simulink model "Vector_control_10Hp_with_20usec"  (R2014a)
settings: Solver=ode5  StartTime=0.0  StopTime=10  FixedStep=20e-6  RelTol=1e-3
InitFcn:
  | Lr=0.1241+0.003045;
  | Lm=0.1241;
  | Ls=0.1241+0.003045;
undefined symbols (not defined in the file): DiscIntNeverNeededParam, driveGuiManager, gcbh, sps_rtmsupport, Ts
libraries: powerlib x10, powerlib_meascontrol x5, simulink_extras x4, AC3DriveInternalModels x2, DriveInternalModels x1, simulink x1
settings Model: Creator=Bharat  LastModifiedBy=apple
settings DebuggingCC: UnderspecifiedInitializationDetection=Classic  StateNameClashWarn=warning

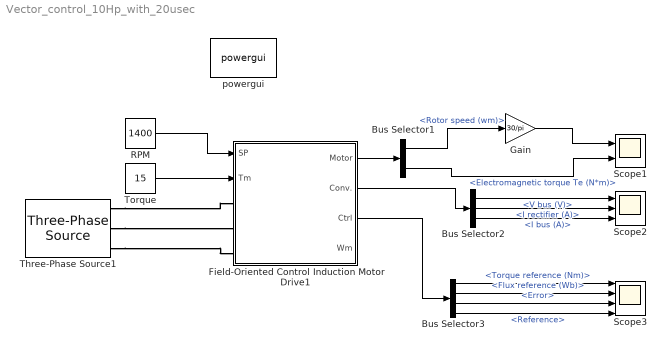
== system Vector_control_10Hp_with_20usec ==
  Bus Selector1 : BusSelector  OutputSignals=Mechanical.Rotor speed (wm),Mechanical.Electromagnetic torque Te (N*m)
  Bus Selector2 : BusSelector  OutputSignals=V bus (V),I rectifier (A),I bus (A)
  Bus Selector3 : BusSelector  OutputSignals=Torque reference (Nm),Flux reference (Wb),Error,Reference
  Field-Oriented Control Induction Motor Drive1 : Subsystem  LoadFcn=sps_rtmsupport('LoadFcn',gcbh); driveGuiManager('Load',get_param(gcb,'driveType'), gcbh);  StartFcn=sps_rtmsupport('StartFcn',gcbh);  StopFcn=|  mask(Field-Oriented Control Induction Motor Drive){showMaskWarnings=on, AverageValue=off, MechanicalLoad=Torque Tm, driveType=AC3, outputBusMode=Multiple output buses}
      | sps_rtmsupport('StopFcn',gcbh);                                   
      | %driveGuiManager('ReactivateGui',get_param(gcb,'driveType'),gcbh);
      mask prompts: showMaskWarnings "Show mask synchronization warnings"; AverageValue "Average value model"; MechanicalLoad "Mechanical input:"; driveType "Drive type"; outputBusMode "Output bus mode:"
      mask init:
      | block=gcb;
      | [X1,X1m,X2,X2m,X3,X4,Y1,Y1m,Y2,Y2m,Y3,Y4,color1,color2,INp,OUTp,Ts,machineType] = spsDrivesMaskInit(block,driveType,AverageValue);
      | %spsDrivesOutputSelectorCbak(block);
      settings: CopyFcn=sps_rtmsupport('CopyFcn',gcbh);  DeleteFcn="sps_rtmsupport('DeleteFcn',gcbh); driveGuiManager('Delete',get_param(gcb,'driveType')  ,gcbh)"  UndoDeleteFcn=sps_rtmsupport('UndoDeleteFcn',gcbh);  ModelCloseFcn=sps_rtmsupport('ModelCloseFcn',gcbh);  PreSaveFcn=sps_rtmsupport('PreSaveFcn',gcbh);  PostSaveFcn=sps_rtmsupport('PostSaveFcn',gcbh);  NameChangeFcn=sps_rtmsupport('NameChangeFcn',gcbh);  PreCopyFcn=sps_rtmsupport('PreCopyFcn',gcbh);  CloseFcn="sps_rtmsupport('CloseFcn',gcbh); %driveGuiManager('Delete',get_param(gcb,'driveType')  ,gcbh)"  PreDeleteFcn=sps_rtmsupport('PreDeleteFcn',gcbh);  ParentCloseFcn="driveGuiManager('Hide',get_param(gcb,'driveType')  ,gcbh)"
      settings: OpenFcn=|
      | sps_rtmsupport('parametereditingmodes',gcbh, [1 2 3 4 5]); if (power_openblockproxy ('secondary'))
      | driveGuiManager('Create',get_param(gcb,'driveType')  ,gcbh)
      | end;
      mask Help: helpview(psbhelp)
      mask TypeOptions MechanicalLoad: Torque Tm | Speed w | Mechanical rotational port
      mask TypeOptions driveType: AC3
      mask TypeOptions outputBusMode: Multiple output buses | Single output bus
      mask Display:
      | patch([X1 X1m],[Y1 Y1m],color1);
      | patch(X3,Y3,color2);
      | plot([X1 X1m X2 X2m X3 X4],[Y1 Y1m Y2 Y2m Y3 Y4]);
      | text(0.5,0.3,'AC3','HorizontalAlignment','center')
      | HaveSPSMec = (strcmp(MechanicalLoad,'Torque Tm') || strcmp(MechanicalLoad,'Speed w'));
      | if (HaveSPSMec==1 && strcmp(outputBusMode,'Multiple output buses'))
      |     port_label('input',2,INp)
      |     port_label('output',4,OUTp)
      | end
      | if (HaveSPSMec==1 && strcmp(outputBusMode,'Single output bus'))
      |     port_label('input',2,INp)
      |     port_label('output',2,OUTp)
      | end
  Gain : Gain  Gain=30/pi
  RPM : Constant  Value=1400
  Scope1 : Scope  NumInputPorts=2
      settings: YMin=1399.8~5  YMax=1402~20
  Scope2 : Scope  NumInputPorts=3
      settings: YMin=215~3.5~-22.5  YMax=262.5~12.5~22.5
  Scope3 : Scope  NumInputPorts=4
      settings: YMin=104.765~5.75~-5~-5  YMax=104.83~10.75~5~5  SaveName=ScopeData2
  Three-Phase Source1 : powerlib/Electrical Sources/Three-Phase Source  Voltage=400  PhaseAngle=0  Frequency=50  InternalConnection=Yg  SpecifyImpedance=on  Resistance=0.8929  Inductance=16.58e-3  ShortCircuitLevel=100e6  BaseVoltage=25e3  XRratio=7  BusType=swing  Pref=0  Qref=0  Qmin=-inf  Qmax=inf
  Torque : Constant  Value=15
  powergui : powerlib/powergui  Priority=1  SimulationMode=Discrete  SolverType=Backward Euler  SampleTime=20e-6  frequency=60  SPID=off  DisableSnubberDevices=off  DisableRonSwitches=off  DisableVfSwitches=off  SwTol=0  Interpol=off  DisplayEquations=off  Ts=0  methode=off  frequencyindice=50  Pbase=100e6  ErrMax=1e-4  Iterations=50  UnitsV=kV  UnitsW=MW  FunctionMessages=off  echomessages=off  HookPort=off  EnableUseOfTLC=off  x0status=blocks  RestoreLinks=warning  ResistiveCurrentMeasurement=off  Frange=[0:2:500]  Ylog=off  Xlog=on  ShowGrid=off  save=off  variable=ZData  structure=0  ZoomFFT=off  StartTime=0.0  cycles=1  DisplayStyle=1  fundamental=60  FreqAxis=off  MaxFrequency=1000  frequencyindicesteady=1  RmsSteady=1  display=off
  wires:
  RPM/1 -> Field-Oriented Control Induction Motor Drive1/1(SP)
  Torque/1 -> Field-Oriented Control Induction Motor Drive1/2(Tm)
  Field-Oriented Control Induction Motor Drive1/1(Motor) -> Bus Selector1/1
  Bus Selector1/1 -> Gain/1  "<Rotor speed (wm)>"
  Bus Selector1/2 -> Scope1/2  "<Electromagnetic torque Te (N*m)>"
  Field-Oriented Control Induction Motor Drive1/2(Conv.) -> Bus Selector2/1
  Bus Selector2/1 -> Scope2/1  "<V bus (V)>"
  Bus Selector2/2 -> Scope2/2  "<I rectifier (A)>"
  Field-Oriented Control Induction Motor Drive1/3(Ctrl) -> Bus Selector3/1
  Bus Selector3/1 -> Scope3/1  "<Torque reference (Nm)>"
  Bus Selector3/2 -> Scope3/2  "<Flux reference (Wb)>"
  Bus Selector2/3 -> Scope2/3  "<I bus (A)>"
  Bus Selector3/3 -> Scope3/3  "<Error>"
  Bus Selector3/4 -> Scope3/4  "<Reference>"
  Gain/1 -> Scope1/1
  connections:
  Three-Phase Source1/RConn2 -- Field-Oriented Control Induction Motor Drive1/LConn2
  Three-Phase Source1/RConn3 -- Field-Oriented Control Induction Motor Drive1/LConn3
  Three-Phase Source1/RConn1 -- Field-Oriented Control Induction Motor Drive1/LConn1

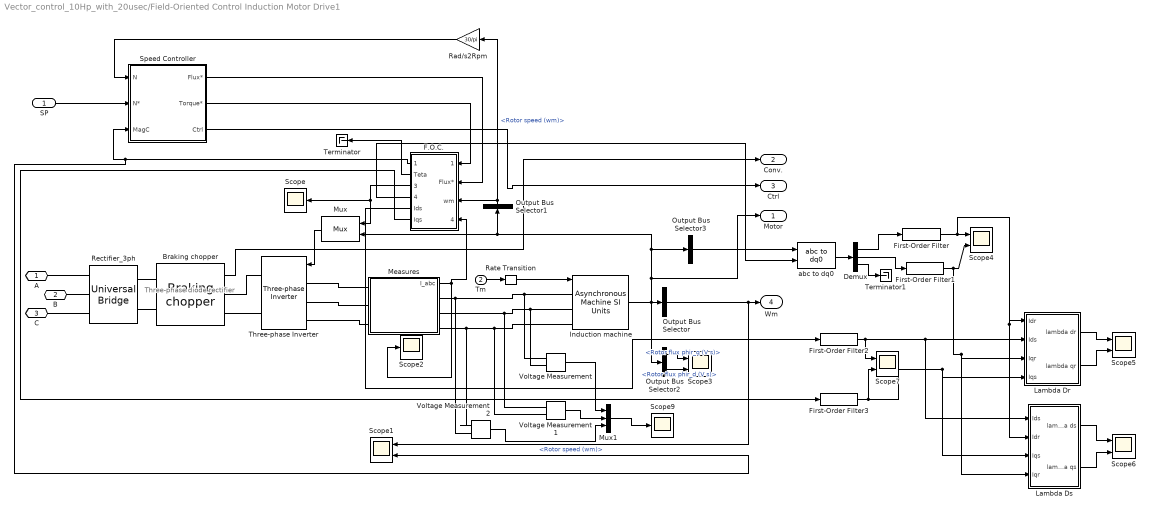
== system Vector_control_10Hp_with_20usec/Field-Oriented Control Induction Motor Drive1 ==
  note: Three-phase
      | diode rectifier
  SP : Inport
  Tm : Inport  Port=2
  Braking chopper : DriveInternalModels/AC drives/Braking chopper  chopa=500  chopd=490  freq_chop=4000  cap_bus=2000e-6  br=8
  Demux : Demux  Outputs=3
  F.O.C. : Subsystem  mask(FOC){freq_max=20000, in_flux=0.45, Lm=0.1722, Rr=1.395, Llr=0.005839, p=2, h=0.1, kp=40, ki=50, fc=16, csat=[-2,2], Tvect=20e-6}
      mask prompts: freq_max "Maximum inverter frequency (Hz)"; in_flux "Initial machine flux (Wb)"; Lm "Motor mutual inductance (H)"; Rr "Motor rotor resistance (ohms)"; Llr "Motor rotor leakage inductance (H)"; p "Motor pairs of poles"; h "Current regulator - current hysteresis bandwidth (A)"; kp "Flux controller - proportional gain"; ki "Flux controller - integral gain"; fc "Flux controller - flux estimation low-pass filter cutoff frequency (Hz)"; csat "Flux controller - controller output flux saturation (Wb) [negative,positive]"; Tvect "Vector control sampling time (s)"
      mask help: This block implements a field oriented controller.
      mask init:
      | Lr=Lm+Llr;
      | [X1,X1m,X2,X2m,X3,X4,Y1,Y1m,Y2,Y2m,Y3,Y4,color1,color2]=spsdrivelogo;
      mask Display:
      | patch([X1 X1m],[Y1 Y1m],color1);
      | patch(X3,Y3,color2);
      | plot([X1 X1m X2 X2m X3 X4],[Y1 Y1m Y2 Y2m Y3 Y4]);
  First-Order Filter : powerlib_meascontrol/Filters/First-Order Filter  FilterType=Lowpass  Tc=1/100  Ts=0  Initialize=on  Vac_Init=[0, 0, 60]  Vdc_Init=0  PlotResponse=off  FreqRange="[0,  200,  1]"
  First-Order Filter1 : powerlib_meascontrol/Filters/First-Order Filter  FilterType=Lowpass  Tc=1/100  Ts=0  Initialize=on  Vac_Init=[0, 0, 60]  Vdc_Init=0  PlotResponse=off  FreqRange="[0,  200,  1]"
  First-Order Filter2 : powerlib_meascontrol/Filters/First-Order Filter  FilterType=Lowpass  Tc=1/200  Ts=0  Initialize=on  Vac_Init=[0, 0, 60]  Vdc_Init=0  PlotResponse=off  FreqRange="[0,  200,  1]"
  First-Order Filter3 : powerlib_meascontrol/Filters/First-Order Filter  FilterType=Lowpass  Tc=1/200  Ts=0  Initialize=on  Vac_Init=[0, 0, 60]  Vdc_Init=0  PlotResponse=off  FreqRange="[0,  200,  1]"
  Induction machine : powerlib/Machines/Asynchronous Machine SI Units  PresetModel="16:  10 HP (7.5KW)  400 V 50Hz 1440 RPM"  MechanicalLoad=Torque Tm  ShowDetailedParameters=on  RotorType=Squirrel-cage  ReferenceFrame=Rotor  Units=SI  MeasurementBus=off  NominalParameters=[7500 400 50]  Stator=[0.7384 0.003045]  Rotor=[0.7402 0.003045]  Cage1=[ 0.022 0.226/377]  Cage2=[ 0.022 0.226/377]  Lm=0.1241  Mechanical=[0.0343 0.000503 2]  PolePairs=2  InitialConditions=[1,0,0,0,0,0,0,0]  SimulateSaturation=off  Saturation=[0 0;0 0]  LoadFlowParameters=0  TsPowergui=0  TsBlock=-1  IterativeModel=Forward Euler  Pmec=0
  Lambda Dr : Subsystem
  Lambda Ds : Subsystem
  Measures : Subsystem
  Mux : AC3DriveInternalModels/Mux
  Mux1 : Mux  Inputs=3
  Output Bus Selector : BusSelector  OutputSignals=Mechanical.Rotor speed (wm)
  Output Bus Selector1 : BusSelector  OutputSignals=Mechanical.Rotor speed (wm)
  Output Bus Selector2 : BusSelector  OutputSignals=Rotor measurements.Rotor flux phir_q (V s),Rotor measurements.Rotor flux phir_d (V s)
  Output Bus Selector3 : BusSelector  OutputSignals=Rotor measurements.Rotor current ir_a (A),Rotor measurements.Rotor current ir_b (A),Rotor measurements.Rotor current ir_c (A)  OutputAsBus=on
  Rad/s2Rpm : Gain  Gain=30/pi  SaturateOnIntegerOverflow=on  OutDataTypeStr=Inherit: Same as input  ParamDataTypeStr=Inherit: Same as input
  Rate Transition : RateTransition  OutPortSampleTime=Ts
  Rectifier_3ph : powerlib/Power Electronics/Universal Bridge  Arms=3  SnubberResistance=10e3  SnubberCapacitance=20e-9  Device=Diodes  Ron=1e-3  Lon=0  ForwardVoltages="[  0,  0  ]"  ForwardVoltage=1.3  GTOparameters=[ 10e-6, 20e-6 ]  IGBTparameters=[ 1e-6 , 2e-6 ]  Measurements=All voltages and currents  Measurements_2=None  converterType=Rectifier
  Scope : Scope
      settings: SaveName=ScopeData4
  Scope{1,3..7} (6 alike) : Scope  NumInputPorts=2
      Scope1 settings: YMin=32~0.95  YMax=53~1.05  SaveName=ScopeData5
      Scope3 settings: YMin=-5~-5  YMax=5~5  SaveName=ScopeData10
      Scope4 settings: YMin=0.04~-18.025  YMax=0.19~-17.825  SaveName=ScopeData11
      Scope5 settings: YMin=-2.5~-10  YMax=5~12  SaveName=ScopeData13
      Scope6 settings: YMin=-2.5~-10  YMax=5~12  SaveName=ScopeData14
      Scope7 settings: YMin=0.04~-18.025  YMax=0.19~-17.825  SaveName=ScopeData15
  Scope2 : Scope
      settings: SaveName=ScopeData8
  Scope9 : Scope
      settings: SaveName=ScopeData21
  Speed Controller : Subsystem  mask(Speed controller){SwK=Speed regulation, fn=50, ramp=[-1500,1500], kp=0.9, ki=6.4, fc=100, ctrl_sat=[-28,28], p=2, nf=0.45, Tsc=100e-6}
      mask prompts: SwK "Regulation type"; fn "Machine nominal frequency (Hz)"; ramp "Speed reference ramp  (rpm/s) [deceleration,acceleration]"; kp "Proportional gain"; ki "Integral gain"; fc "Speed measurement - low-pass filter cutoff frequency (Hz)"; ctrl_sat "Controller output torque saturation (N.m) [negative,positive]"; p "Motor pairs of poles"; nf "Machine nominal flux (Wb)"; Tsc "Controller sampling time (s)"
      mask help: This block implements a PI speed regulator.
      mask init:
      | bs=2*30*fn/p;
      | [X1,X1m,X2,X2m,X3,X4,Y1,Y1m,Y2,Y2m,Y3,Y4,color1,color2]=spsdrivelogo;
      | if SwK == 1
      |     set_param(gcb,'MaskVisibilities',{'on','on','on','on','on','on','on','on','on','on'})
      | else
      |     set_param(gcb,'MaskVisibilities',{'on','on','off','off','off','off','on','on','on','on'})
      | end
      mask TypeOptions SwK: Speed regulation | Torque regulation
      mask Display:
      | patch([X1 X1m],[Y1 Y1m],color1);
      | patch(X3,Y3,color2);
      | plot([X1 X1m X2 X2m X3 X4],[Y1 Y1m Y2 Y2m Y3 Y4]);
  Terminator : Terminator
  Terminator1 : Terminator
  Three-phase Inverter : AC3DriveInternalModels/Three-phase Inverter  Arms=3  SnubberResistance=5e3  SnubberCapacitance=inf  Device=IGBT / Diodes  Ron=1e-3  Lon=0  ForwardVoltages=[0.8,0.8]  ForwardVoltage=0  GTOparameters=[10e-6,20e-6]  IGBTParameters=[1e-6,2e-6]  Measurements=All voltages and currents  converterType=Inverter  SourceFrequency=60  Stator=[1.405,0.005839]  Rotor=[1.395,0.005839]  Lm=0.1722  p=2  ReferenceFrame=Rotor
  Voltage Measurement : powerlib/Measurements/Voltage Measurement  PhasorSimulation=off  OutputType=Complex  PSBequivalent=0
  Voltage Measurement1 : powerlib/Measurements/Voltage Measurement  PhasorSimulation=off  OutputType=Complex  PSBequivalent=0
  Voltage Measurement2 : powerlib/Measurements/Voltage Measurement  PhasorSimulation=off  OutputType=Complex  PSBequivalent=0
  abc to dq0 : powerlib_meascontrol/Transformations/abc to dq0  Alignment=Aligned with phase A axis
  A : PMIOPort  Port=1  Side=Left
  B : PMIOPort  Port=2  Side=Left
  C : PMIOPort  Port=3  Side=Left
  Motor : Outport
  Conv. : Outport  Port=2
  Ctrl : Outport  Port=3
  Wm : Outport  Port=4
  wires:
  Induction machine/1 -> Motor/1, Output Bus Selector3/1, Mux/2, Output Bus Selector1/1, Output Bus Selector2/1, Output Bus Selector/1
  Measures/1(I_abc) -> F.O.C./4(I_ABC), Scope2/1
  F.O.C./2(Teta) -> Terminator/1
  Speed Controller/3(Ctrl) -> Ctrl/1
  Speed Controller/1(Flux*) -> F.O.C./2(Flux*)
  Speed Controller/2(Torque*) -> F.O.C./1(Torque*)
  Rad/s2Rpm/1 -> Speed Controller/1(N)
  Braking chopper/1 -> Conv./1
  F.O.C./3(Gates) -> Mux/1, Scope/1
  Mux/1 -> Three-phase Inverter/1
  Output Bus Selector/1 -> Scope1/1, Wm/1  "<Rotor speed (wm)>"
  Tm/1 -> Rate Transition/1
  Rate Transition/1 -> Induction machine/1
  F.O.C./1(MagC) -> Scope1/2, Speed Controller/3(MagC)
  Output Bus Selector2/1 -> Scope3/1  "<Rotor flux phir_q (V s)>"
  Output Bus Selector2/2 -> Scope3/2  "<Rotor flux phir_d (V s)>"
  Output Bus Selector3/1 -> abc to dq0/1
  F.O.C./4(Teta1) -> abc to dq0/2
  abc to dq0/1 -> Demux/1
  Demux/1 -> First-Order Filter/1
  Demux/2 -> First-Order Filter1/1
  Demux/3 -> Terminator1/1
  First-Order Filter/1 -> Lambda Ds/2(Idr), Lambda Dr/1(Idr), Scope4/1
  First-Order Filter1/1 -> Lambda Ds/4(Iqr), Lambda Dr/3(Iqr), Scope4/2
  Lambda Dr/1(lambda dr) -> Scope5/1
  Lambda Dr/2(lambda qr) -> Scope5/2
  Lambda Ds/1(lambda ds) -> Scope6/1
  Lambda Ds/2(lambda qs) -> Scope6/2
  F.O.C./5(Ids) -> First-Order Filter2/1
  F.O.C./6(Iqs) -> First-Order Filter3/1
  First-Order Filter3/1 -> Scope7/2, Lambda Ds/3(Iqs), Lambda Dr/4(Iqs)
  First-Order Filter2/1 -> Scope7/1, Lambda Ds/1(Ids), Lambda Dr/2(Ids)
  SP/1 -> Speed Controller/2(N*)
  Voltage Measurement/1 -> Mux1/1
  Voltage Measurement1/1 -> Mux1/2
  Voltage Measurement2/1 -> Mux1/3
  Mux1/1 -> Scope9/1
  Output Bus Selector1/1 -> Rad/s2Rpm/1, F.O.C./3(wm)  "<Rotor speed (wm)>"
  connections:
  Measures/RConn1 -- Voltage Measurement2/LConn2 -- Voltage Measurement/LConn1 -- Induction machine/LConn1
  Measures/RConn2 -- Voltage Measurement1/LConn1 -- Voltage Measurement/LConn2 -- Induction machine/LConn2
  Measures/RConn3 -- Voltage Measurement2/LConn1 -- Voltage Measurement1/LConn2 -- Induction machine/LConn3
  Three-phase Inverter/LConn1 -- Measures/LConn1
  Three-phase Inverter/LConn2 -- Measures/LConn2
  Three-phase Inverter/LConn3 -- Measures/LConn3
  Braking chopper/RConn1 -- Three-phase Inverter/RConn1
  Braking chopper/RConn2 -- Three-phase Inverter/RConn2
  Braking chopper/LConn1 -- Rectifier_3ph/RConn1
  Braking chopper/LConn2 -- Rectifier_3ph/RConn2
  A/RConn1 -- Rectifier_3ph/LConn1
  B/RConn1 -- Rectifier_3ph/LConn2
  C/RConn1 -- Rectifier_3ph/LConn3

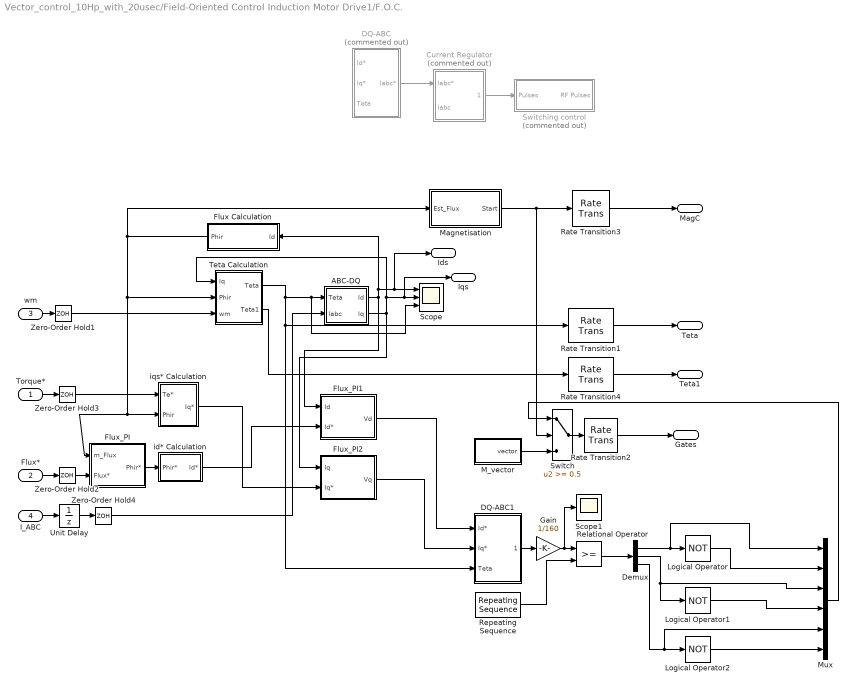
== system Vector_control_10Hp_with_20usec/Field-Oriented Control Induction Motor Drive1/F.O.C. ==
  Torque* : Inport
  Flux* : Inport  Port=2
  wm : Inport  Port=3
  I_ABC : Inport  Port=4
  ABC-DQ : Subsystem
  Current Regulator : Subsystem  Commented=on
  DQ-ABC : Subsystem  Commented=on
  DQ-ABC1 : Subsystem
  Demux : Demux  Outputs=3
  Flux Calculation : Subsystem  mask(Flux Calcultation){}
      mask init:
      | NF=0.44572610323020e-6;
      | DF=[1 -0.99998715486734];
  Flux_PI : Subsystem
  Flux_PI1 : Subsystem
  Flux_PI2 : Subsystem
  Gain : Gain  Gain=1/160
  Logical Operator : Logic  Operator=NOT  AllPortsSameDT=off  OutDataTypeStr=boolean
  Logical Operator1 : Logic  Operator=NOT  AllPortsSameDT=off  OutDataTypeStr=boolean
  Logical Operator2 : Logic  Operator=NOT  AllPortsSameDT=off  OutDataTypeStr=boolean
  M_vector : Subsystem
  Magnetisation : Subsystem
  Mux : Mux  Inputs=6
  Rate Transition1 : RateTransition  OutPortSampleTime=Ts
  Rate Transition2 : RateTransition
  Rate Transition3 : RateTransition
  Rate Transition4 : RateTransition  OutPortSampleTime=Ts
  Relational Operator : RelationalOperator  OutDataTypeStr=boolean
  Repeating Sequence : simulink/Sources/Repeating Sequence  rep_seq_t=[0 1/8000 1/4000 3/8000 1/2000]  rep_seq_y=[0 1 0 -1 0]
  Scope : Scope  NumInputPorts=3
      settings: YMin=1.5~17.5~2.5  YMax=7~22.25~35  SaveName=ScopeData3
  Scope1 : Scope
      settings: YMin=-3  YMax=3  SaveName=ScopeData12
  Switch : Switch  Threshold=0.5  SaturateOnIntegerOverflow=on
  Switching control : Subsystem  Commented=on
  Teta Calculation : Subsystem
  Unit Delay : UnitDelay  SampleTime=-1
  Zero-Order Hold{1..4} (4 alike) : ZeroOrderHold  SampleTime=Tvect
  id* Calculation : Subsystem
  iqs* Calculation : Subsystem
  MagC : Outport
  Teta : Outport  Port=2
  Gates : Outport  Port=3
  Teta1 : Outport  Port=4
  Ids : Outport  Port=5
  Iqs : Outport  Port=6
  wires:
  Zero-Order Hold2/1 -> Flux_PI/2(Flux*)
  ABC-DQ/1(Id) -> Ids/1, Scope/1, Flux Calculation/1(Id), Flux_PI1/1(Id)
  ABC-DQ/2(Iq) -> Flux_PI2/1(Iq), Teta Calculation/1(Iq), Iqs/1, Scope/2
  Flux Calculation/1(Phir) -> Magnetisation/1(Est_Flux), Teta Calculation/2(Phir), Flux_PI/1(m_Flux), iqs* Calculation/2(Phir)
  iqs* Calculation/1(Iq*) -> Flux_PI2/2(Iq*)
  id* Calculation/1(Id*) -> Flux_PI1/2(Id*)
  I_ABC/1 -> Unit Delay/1
  wm/1 -> Zero-Order Hold1/1
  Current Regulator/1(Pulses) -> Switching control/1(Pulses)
----------
About this exercise → In the records above, return only the line that contains "Gates : Outport" and every line after it through the last, exactly as they appear.

Task answer →
  Gates : Outport  Port=3
  Teta1 : Outport  Port=4
  Ids : Outport  Port=5
  Iqs : Outport  Port=6
  wires:
  Zero-Order Hold2/1 -> Flux_PI/2(Flux*)
  ABC-DQ/1(Id) -> Ids/1, Scope/1, Flux Calculation/1(Id), Flux_PI1/1(Id)
  ABC-DQ/2(Iq) -> Flux_PI2/1(Iq), Teta Calculation/1(Iq), Iqs/1, Scope/2
  Flux Calculation/1(Phir) -> Magnetisation/1(Est_Flux), Teta Calculation/2(Phir), Flux_PI/1(m_Flux), iqs* Calculation/2(Phir)
  iqs* Calculation/1(Iq*) -> Flux_PI2/2(Iq*)
  id* Calculation/1(Id*) -> Flux_PI1/2(Id*)
  I_ABC/1 -> Unit Delay/1
  wm/1 -> Zero-Order Hold1/1
  Current Regulator/1(Pulses) -> Switching control/1(Pulses)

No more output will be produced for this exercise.